>>>

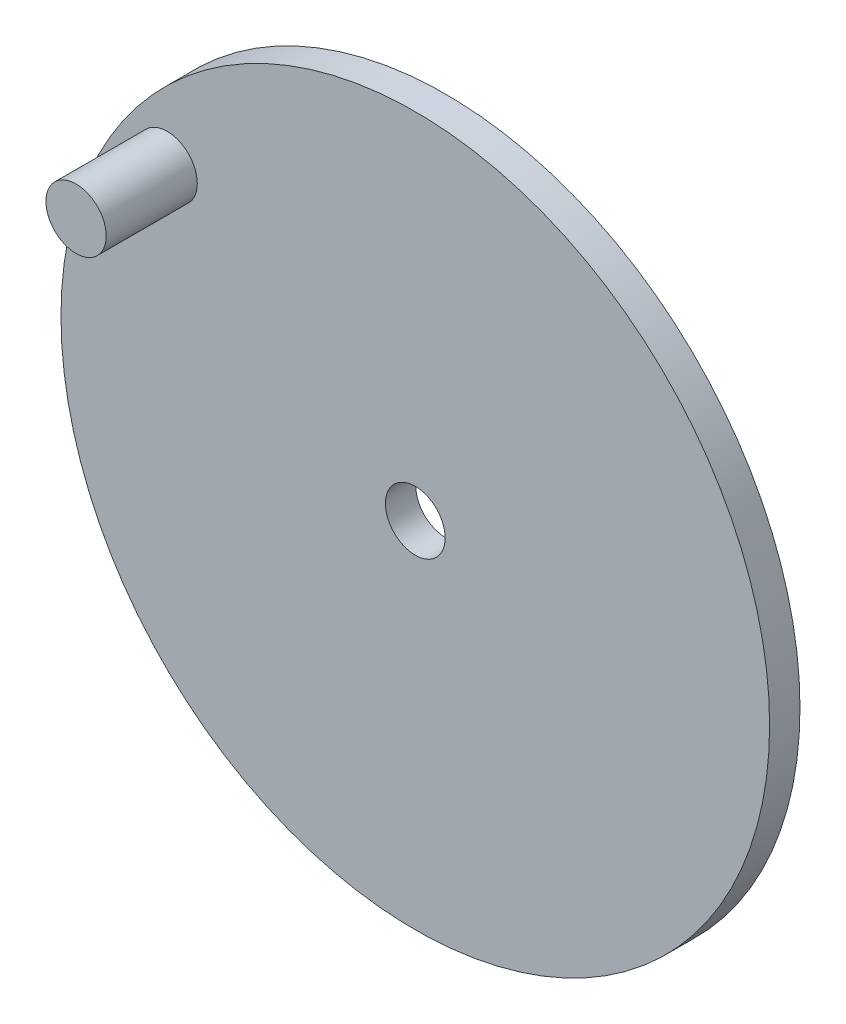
from build123d import *

# Parameters (mm, degrees)
SKETCH1_R           = 35
BOSS_EXTRUDE3_DEPTH = 3
SKETCH6_R           = 2.95
CUT_EXTRUDE2_DEPTH  = 3
BOSS_EXTRUDE4_START = 3
SKETCH9_R           = 2.975
BOSS_EXTRUDE4_DEPTH = 9


with BuildPart() as part:
    # Sketch1 → Boss-Extrude3 (new body)
    with BuildSketch(Plane.XY):
        Circle(SKETCH1_R)
    extrude(amount=BOSS_EXTRUDE3_DEPTH)

    # Sketch6 → Cut-Extrude2 (cut)
    with BuildSketch(Plane.XY.offset(3)):
        Circle(SKETCH6_R)
    extrude(amount=-CUT_EXTRUDE2_DEPTH, mode=Mode.SUBTRACT)


with BuildPart() as body_2:
    # Sketch9 → Boss-Extrude4 (new body)
    with BuildSketch(Plane.XY.offset(BOSS_EXTRUDE4_START)):
        with Locations((-24.507286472, 18.086377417)):
            Circle(SKETCH9_R)
    extrude(amount=BOSS_EXTRUDE4_DEPTH)


solid = Compound([part.part, body_2.part])

<<<

◆ **Problem to solve**
The required answer is the exact run of lines above starting at the line with "BOSS_EXTRUDE4_DEPTH = 9" and ending at the line with "Circle(SKETCH6_R)", with both ends present.

◆ **Answer to this task**
BOSS_EXTRUDE4_DEPTH = 9


with BuildPart() as part:
    # Sketch1 → Boss-Extrude3 (new body)
    with BuildSketch(Plane.XY):
        Circle(SKETCH1_R)
    extrude(amount=BOSS_EXTRUDE3_DEPTH)

    # Sketch6 → Cut-Extrude2 (cut)
    with BuildSketch(Plane.XY.offset(3)):
        Circle(SKETCH6_R)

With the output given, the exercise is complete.